Bij min dertig graden dagenlang in de sneeuw wachten op een dier dat misschien niet opdaagt, is een sublieme erva­ring; een mengeling van genot en pijn, van schoonheid en afschuw, van betrokkenheid en afstand. In De wereld als wil en voorstelling beschrijft Arthur Schopenhauer het sublieme als een gevoel­ van overwinning of bevrijding van wat je overweldigt.

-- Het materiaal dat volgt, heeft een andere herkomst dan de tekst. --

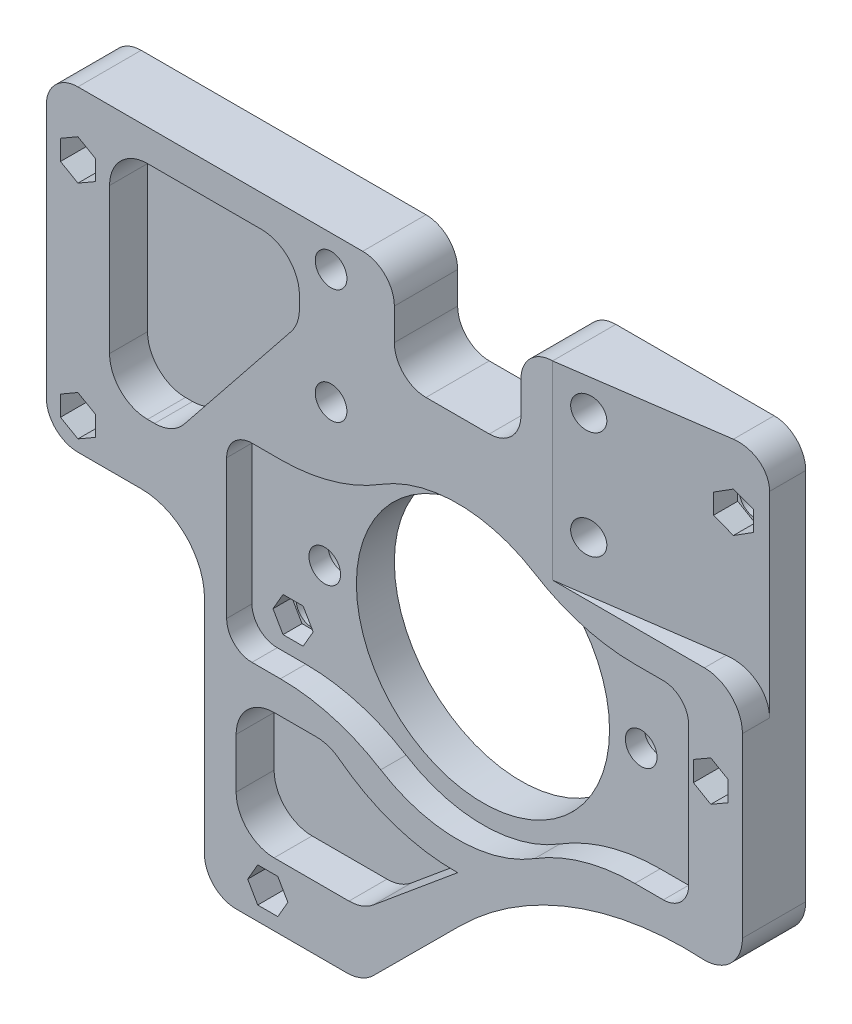
SolidWorks part; units mm, degrees
ref_plane "Front Plane" through (0, 0, 0) normal (0, 0, 1) x (1, 0, 0)
ref_plane "Top Plane" through (0, 0, 0) normal (0, 1, 0) x (1, 0, 0)
ref_plane "Right Plane" through (0, 0, 0) normal (1, 0, 0) x (0, 0, -1)
sketch "Sketch1" plane through (0, 0, 0) normal (0, 0, 1) x (1, 0, 0)
  line L0 (0, 5) -> (0, 40)
  line L1 (-10, 50) -> (-20, 50)
  line L2 (-25, 55) -> (-25, 95)
  line L3 (-20, 100) -> (25, 100)
  line L4 (30, 95) -> (30, 90)
  line L5 (35, 85) -> (45, 85)
  line L6 (50, 90) -> (50, 95)
  line L7 (55, 100) -> (80, 100)
  line L8 (85, 95) -> (85, 36)
  line L9 (5, 0) -> (22.471, 0)
  line L10 (26.706, 1.7498) -> (40.36, 15.355)
  line L11 (60, 95) -> (60, 77.99) construction
  line L12 (20, 95) -> (20, 76.86) construction
  arc A0 (85, 36) -> (79, 30) centre (79, 36) cw
  arc A1 (79, 30) -> (40.36, 15.355) centre (76.0188, -20.4315) ccw
  arc A2 (22.471, 0) -> (26.706, 1.7498) centre (22.471, 6) ccw
  arc A3 (0, 5) -> (5, 0) centre (5, 5) ccw
  arc A4 (0, 40) -> (-10, 50) centre (-10, 40) ccw
  arc A5 (-20, 50) -> (-25, 55) centre (-20, 55) cw
  arc A6 (80, 100) -> (85, 95) centre (80, 95) cw
  arc A7 (50, 95) -> (55, 100) centre (55, 95) cw
  arc A8 (45, 85) -> (50, 90) centre (45, 90) ccw
  arc A9 (30, 90) -> (35, 85) centre (35, 90) ccw
  arc A10 (25, 100) -> (30, 95) centre (25, 95) cw
  arc A11 (-25, 95) -> (-20, 100) centre (-20, 95) cw
  circle A12 centre (40, 50) radius 20
  circle A13 centre (10, 5) radius 2.5
  circle A14 centre (10, 40) radius 2.5
  circle A15 centre (15, 50) radius 2.5
  circle A16 centre (-20, 55) radius 2.5
  circle A17 centre (-20, 90) radius 2.5
  circle A18 centre (20, 95) radius 2.5
  circle A19 centre (20, 76.86) radius 2.5
  circle A20 centre (60, 77.99) radius 2.5
  circle A21 centre (60, 95) radius 2.5
  circle A22 centre (80, 90) radius 2.5
  circle A23 centre (80, 55) radius 2.5
  circle A24 centre (65, 50) radius 2.5
  point P18 (24.95, 0)
  point P21 (0, 0)
  point P24 (0, 50)
  point P27 (-25, 50)
  point P30 (85, 100)
  point P33 (50, 100)
  point P36 (50, 85)
  point P39 (30, 85)
  point P42 (30, 100)
  point P45 (-25, 100)
  dimension "D10" = 6
  dimension "D15" = 6
  dimension "D16" = 5
  dimension "D17" = 10
  dimension "D18" = 5
  dimension "D19" = 5
  dimension "D20" = 40
  dimension "D23" = 5
  dimension "D26" = 5
  dimension "D27" = 5
  dimension "D28" = 5
  dimension "D29" = 5
  dimension "D30" = 5
  dimension "D31" = 5
  dimension "D32" = 5
  dimension "D33" = 5
  dimension "D34" = 5
  dimension "D35" = 5
  dimension "D36" = 5
  dimension "D1" = 50
  dimension "D2" = 25
  dimension "D3" = 50
  dimension "D4" = 55
  dimension "D5" = 15
  dimension "D6" = 20
  dimension "D7" = 35
  dimension "D8" = 15
  dimension "D9" = 64
  dimension "D11" = 6
  dimension "D12" = 24.95
  dimension "D13" = 15.355
  dimension "D14" = 15.41
  dimension "D21" = 45
  dimension "D22" = 50
  dimension "D24" = 5
  dimension "D25" = 10
  dimension "D37" = 40
  dimension "D38" = 10
  dimension "D39" = 50
  dimension "D40" = 15
  dimension "D41" = 5
  dimension "D42" = 5
  dimension "D43" = 10
  dimension "D44" = 5
  dimension "D45" = 10
  dimension "D46" = 5
  dimension "D47" = 10
  dimension "D48" = 5
  dimension "D49" = 17.01
  dimension "D50" = 18.14
  dimension "D51" = 5
  dimension "D52" = 10
  dimension "D53" = 5
  dimension "D54" = 45
  dimension "D55" = 20
  dimension "D56" = 50
extrude "Boss-Extrude1" add sketch "Sketch1" along normal blind 10
sketch "Sketch2" plane through (0, 100, 0) normal (0, 1, 0) x (1, 0, 0)
  line L0 (55, -10) -> (85, -5.7143)
  line L1 (80, -10) -> (55, -10) construction
  line L2 (85, -10) -> (85, 0) construction
  line L3 (85, -5.7143) -> (85, -10)
  line L4 (85, -10) -> (55, -10)
  dimension "D1" = 30
  dimension "D2" = 4.2857
extrude "Cut-Extrude1" cut sketch "Sketch2" against normal blind 30
fillet "Fillet1" radius 6 1 edges at (85, 70, 7.8571)
sketch "Sketch3" plane through (0, 0, 10) normal (0, 0, 1) x (1, 0, 0)
  line L0 (76.5, 61) -> (76.5, 39)
  line L1 (72.5, 35) -> (68, 35)
  line L2 (3.5, 39) -> (3.5, 61)
  line L3 (7.5, 65) -> (12, 65)
  line L4 (85, 95) -> (85, 36) construction
  line L5 (79, 70) -> (55, 70) construction
  line L6 (12, 35) -> (7.5, 35)
  line L7 (68, 65) -> (72.5, 65)
  arc A0 (27.8491, 30.4717) -> (52.1509, 30.4717) centre (40, 50) ccw
  arc A1 (52.1509, 69.5283) -> (27.8491, 69.5283) centre (40, 50) ccw
  arc A2 (68, 35) -> (52.1509, 30.4717) centre (68, 5) ccw
  arc A3 (68, 65) -> (52.1509, 69.5283) centre (68, 95) cw
  arc A4 (12, 65) -> (27.8491, 69.5283) centre (12, 95) ccw
  arc A5 (12, 35) -> (27.8491, 30.4717) centre (12, 5) cw
  arc A6 (76.5, 39) -> (72.5, 35) centre (72.5, 39) cw
  arc A7 (76.5, 61) -> (72.5, 65) centre (72.5, 61) ccw
  arc A8 (3.5, 61) -> (7.5, 65) centre (7.5, 61) cw
  arc A9 (7.5, 35) -> (3.5, 39) centre (7.5, 39) cw
  point P18 (57.4356, 65)
  point P25 (76.5, 35)
  point P28 (76.5, 65)
  dimension "D5" = 46
  dimension "D6" = 30
  dimension "D7" = 4
  dimension "D1" = 8.5
  dimension "D2" = 30
  dimension "D3" = 5
  dimension "D4" = 73
extrude "Cut-Extrude2" cut sketch "Sketch3" against normal blind 4
sketch "Sketch4" plane through (0, 0, 10) normal (0, 0, 1) x (1, 0, 0)
  line L0 (-20, 100) -> (25, 100) construction
  line L1 (-25, 55) -> (-25, 95) construction
  line L2 (-9, 89) -> (-9, 66) construction
  line L3 (9, 89) -> (9, 67.0491) construction
  line L4 (-9, 66) -> (-7.8837, 66) construction
  line L5 (-15, 66) -> (-15, 89)
  line L6 (-9, 95) -> (9, 95)
  line L7 (-9, 60) -> (-7.8837, 60)
  line L8 (15, 89) -> (15, 87.1047)
  line L9 (-3.1985, 62.2518) -> (13.6852, 83.3565)
  line L10 (0, 5) -> (0, 40) construction
  line L11 (5, 0) -> (22.471, 0) construction
  line L12 (11, 23.8912) -> (17.6555, 23.8912) construction
  line L13 (5, 23.8912) -> (5, 16)
  line L14 (11, 10) -> (22.8317, 10)
  line L15 (11, 29.8912) -> (17.6555, 29.8912)
  line L16 (26.6674, 11.3861) -> (40, 22.47)
  arc A0 (-9, 95) -> (-15, 89) centre (-9, 89) ccw
  arc A1 (-7.8837, 60) -> (-3.1985, 62.2518) centre (-7.8837, 66) ccw
  arc A2 (-15, 66) -> (-9, 60) centre (-9, 66) ccw
  arc A3 (13.6852, 83.3565) -> (15, 87.1047) centre (9, 87.1047) ccw
  arc A4 (15, 89) -> (9, 95) centre (9, 89) ccw
  arc A5 (-8.4419, 71.974) -> (-9, 71.8953) centre (-7.8837, 66) ccw
  arc A6 (-8.4419, 71.974) -> (-9, 72) centre (-9, 66) ccw
  arc A7 (11, 29.8912) -> (5, 23.8912) centre (11, 23.8912) ccw
  arc A8 (5, 16) -> (11, 10) centre (11, 16) ccw
  arc A9 (22.8317, 10) -> (26.6674, 11.3861) centre (22.8317, 16) ccw
  arc A10 (21.3049, 28.6538) -> (40, 22.47) centre (39.5517, 52.4667) ccw
  arc A11 (21.3049, 28.6538) -> (17.6555, 29.8912) centre (17.6555, 23.8912) ccw
  dimension "D1" = 12
  dimension "D5" = 12
  dimension "D6" = 12
  dimension "D7" = 12
  dimension "D8" = 12
  dimension "D17" = 6
  dimension "D18" = 12
  dimension "D19" = 12
  dimension "D20" = 12
  dimension "D33" = 30
  dimension "D2" = 11
  dimension "D3" = 16
  dimension "D4" = 23
  dimension "D9" = 18
  dimension "D10" = 11
  dimension "D11" = 1.1162
  dimension "D12" = 1.8953
  dimension "D13" = 23
  dimension "D14" = 18
  dimension "D15" = 1.8953
  dimension "D16" = 1.1163
  dimension "D21" = 11
  dimension "D22" = 16
  dimension "D23" = 23.8912
  dimension "D24" = 11
  dimension "D25" = 16
  dimension "D26" = 22.8317
  dimension "D27" = 17.6555
  dimension "D28" = 40
  dimension "D29" = 22.47
  dimension "D30" = 6.6555
  dimension "D31" = 7.8912
  dimension "D32" = 11.8317
extrude "Cut-Extrude3" cut sketch "Sketch4" against normal blind 6
sketch "Sketch5" plane through (0, 0, 0) normal (0, 0, -1) x (-1, 0, 0)
  circle A0 centre (-65, 50) radius 3.75
  circle A1 centre (-15, 50) radius 3.75
  dimension "D1" = 7.5
  dimension "D2" = 7.5
extrude "Cut-Extrude4" cut sketch "Sketch5" against normal blind 3
sketch "Sketch6" plane through (0, 0, 0) normal (0, 0, -1) x (-1, 0, 0)
  line L1 (-56.8246, 95) -> (-58.4123, 97.75)
  line L2 (-58.4123, 97.75) -> (-61.5877, 97.75)
  line L3 (-61.5877, 97.75) -> (-63.1754, 95)
  line L4 (-63.1754, 95) -> (-61.5877, 92.25)
  line L5 (-61.5877, 92.25) -> (-58.4123, 92.25)
  line L6 (-58.4123, 92.25) -> (-56.8246, 95)
  line L7 (-56.8246, 77.99) -> (-58.4123, 80.74)
  line L8 (-58.4123, 80.74) -> (-61.5877, 80.74)
  line L9 (-61.5877, 80.74) -> (-63.1754, 77.99)
  line L10 (-63.1754, 77.99) -> (-61.5877, 75.24)
  line L11 (-61.5877, 75.24) -> (-58.4123, 75.24)
  line L12 (-58.4123, 75.24) -> (-56.8246, 77.99)
  line L13 (-16.8246, 76.86) -> (-18.4123, 79.61)
  line L14 (-18.4123, 79.61) -> (-21.5877, 79.61)
  line L15 (-21.5877, 79.61) -> (-23.1754, 76.86)
  line L16 (-23.1754, 76.86) -> (-21.5877, 74.11)
  line L17 (-21.5877, 74.11) -> (-18.4123, 74.11)
  line L18 (-18.4123, 74.11) -> (-16.8246, 76.86)
  line L19 (-16.8246, 95) -> (-18.4123, 97.75)
  line L20 (-18.4123, 97.75) -> (-21.5877, 97.75)
  line L21 (-21.5877, 97.75) -> (-23.1754, 95)
  line L22 (-23.1754, 95) -> (-21.5877, 92.25)
  line L23 (-21.5877, 92.25) -> (-18.4123, 92.25)
  line L24 (-18.4123, 92.25) -> (-16.8246, 95)
  circle A0 centre (-60, 95) radius 2.75 construction
  circle A1 centre (-60, 77.99) radius 2.75 construction
  circle A2 centre (-20, 76.86) radius 2.75 construction
  circle A3 centre (-20, 95) radius 2.75 construction
  dimension "D1" = 5.5
  dimension "D4" = 5.5
  dimension "D5" = 5.5
  dimension "D7" = 5.5
  dimension "D2" = 2.75
  dimension "D3" = 2.75
  dimension "D6" = 2.75
  dimension "D8" = 2.75
extrude "Cut-Extrude5" cut sketch "Sketch6" against normal blind 5
sketch "Sketch7" plane through (0, 0, 10) normal (0, 0, 1) x (1, 0, 0)
  line L1 (-17.25, 91.5877) -> (-20, 93.1754)
  line L2 (-20, 93.1754) -> (-22.75, 91.5877)
  line L3 (-22.75, 91.5877) -> (-22.75, 88.4123)
  line L4 (-22.75, 88.4123) -> (-20, 86.8246)
  line L5 (-20, 86.8246) -> (-17.25, 88.4123)
  line L6 (-17.25, 88.4123) -> (-17.25, 91.5877)
  line L7 (-17.25, 56.5877) -> (-20, 58.1754)
  line L8 (-20, 58.1754) -> (-22.75, 56.5877)
  line L9 (-22.75, 56.5877) -> (-22.75, 53.4123)
  line L10 (-22.75, 53.4123) -> (-20, 51.8246)
  line L11 (-20, 51.8246) -> (-17.25, 53.4123)
  line L12 (-17.25, 53.4123) -> (-17.25, 56.5877)
  line L13 (82.75, 91.5877) -> (80, 93.1754)
  line L14 (80, 93.1754) -> (77.25, 91.5877)
  line L15 (77.25, 91.5877) -> (77.25, 88.4123)
  line L16 (77.25, 88.4123) -> (80, 86.8246)
  line L17 (80, 86.8246) -> (82.75, 88.4123)
  line L18 (82.75, 88.4123) -> (82.75, 91.5877)
  line L19 (82.75, 56.5877) -> (80, 58.1754)
  line L20 (80, 58.1754) -> (77.25, 56.5877)
  line L21 (77.25, 56.5877) -> (77.25, 53.4123)
  line L22 (77.25, 53.4123) -> (80, 51.8246)
  line L23 (80, 51.8246) -> (82.75, 53.4123)
  line L24 (82.75, 53.4123) -> (82.75, 56.5877)
  line L25 (13.1754, 40) -> (11.5877, 42.75)
  line L26 (11.5877, 42.75) -> (8.4123, 42.75)
  line L27 (8.4123, 42.75) -> (6.8246, 40)
  line L28 (6.8246, 40) -> (8.4123, 37.25)
  line L29 (8.4123, 37.25) -> (11.5877, 37.25)
  line L30 (11.5877, 37.25) -> (13.1754, 40)
  line L31 (13.1754, 5) -> (11.5877, 7.75)
  line L32 (11.5877, 7.75) -> (8.4123, 7.75)
  line L33 (8.4123, 7.75) -> (6.8246, 5)
  line L34 (6.8246, 5) -> (8.4123, 2.25)
  line L35 (8.4123, 2.25) -> (11.5877, 2.25)
  line L36 (11.5877, 2.25) -> (13.1754, 5)
  circle A0 centre (-20, 90) radius 2.75 construction
  circle A1 centre (-20, 55) radius 2.75 construction
  circle A2 centre (80, 90) radius 2.75 construction
  circle A3 centre (80, 55) radius 2.75 construction
  circle A4 centre (10, 40) radius 2.75 construction
  circle A5 centre (10, 5) radius 2.75 construction
  dimension "D1" = 5.5
  dimension "D3" = 5.5
  dimension "D5" = 5.5
  dimension "D7" = 5.5
  dimension "D9" = 5.5
  dimension "D11" = 5.5
  dimension "D2" = 1.5877
  dimension "D4" = 1.5877
  dimension "D6" = 2.75
  dimension "D8" = 2.75
  dimension "D10" = 1.5877
  dimension "D12" = 1.5877
extrude "Cut-Extrude6" cut sketch "Sketch7" against normal blind 7

Het immense, angstaanjagende, ontzettende is daartoe cruciaal: je aanschouwt een macht die ‘onver­gelijkelijk superieur is aan het indi­vidu’. Tegelijk ontsnap je in deze­ aanschouwing juist voldoende aan het onheil om die spanning vol te houden­. De koude en ontbering deden Tesson­ wel pijn, maar de nood waarin zijn lichaam verkeerde, verhinderde hem niet om de omgeving in zich op te nemen­. Ondanks de extreme condities keek hij als een estheet; hij slaagde erin op een serene manier te genieten van wat zijn eigen bestaan levensgevaarlijk bedreigt. Het sublieme gevoel bevat dus iets wrangs, iets pijnlijks, iets unheimlichs. Dat is anders bij een ervaring van het schone, zou Schopenhauer zeggen, want daarin staat de harmonie centraal.

Die dreigende werking van de natuur kent de moderne mens amper. Hij heeft zijn positie veiliggesteld door alles wat anders is volledig weg te vagen, schrijft Tesson. Maar die gerieflijkheid heeft een prijs. Ook de meest afgelegen plekken worden langzaamaan bewoond, bewerkt of bereisd. Intussen kopen vooral jonge lezers gretig Tessons boek, waarin ze ontdekken dat intens leven vraagt dat je die veiligheid opgeeft.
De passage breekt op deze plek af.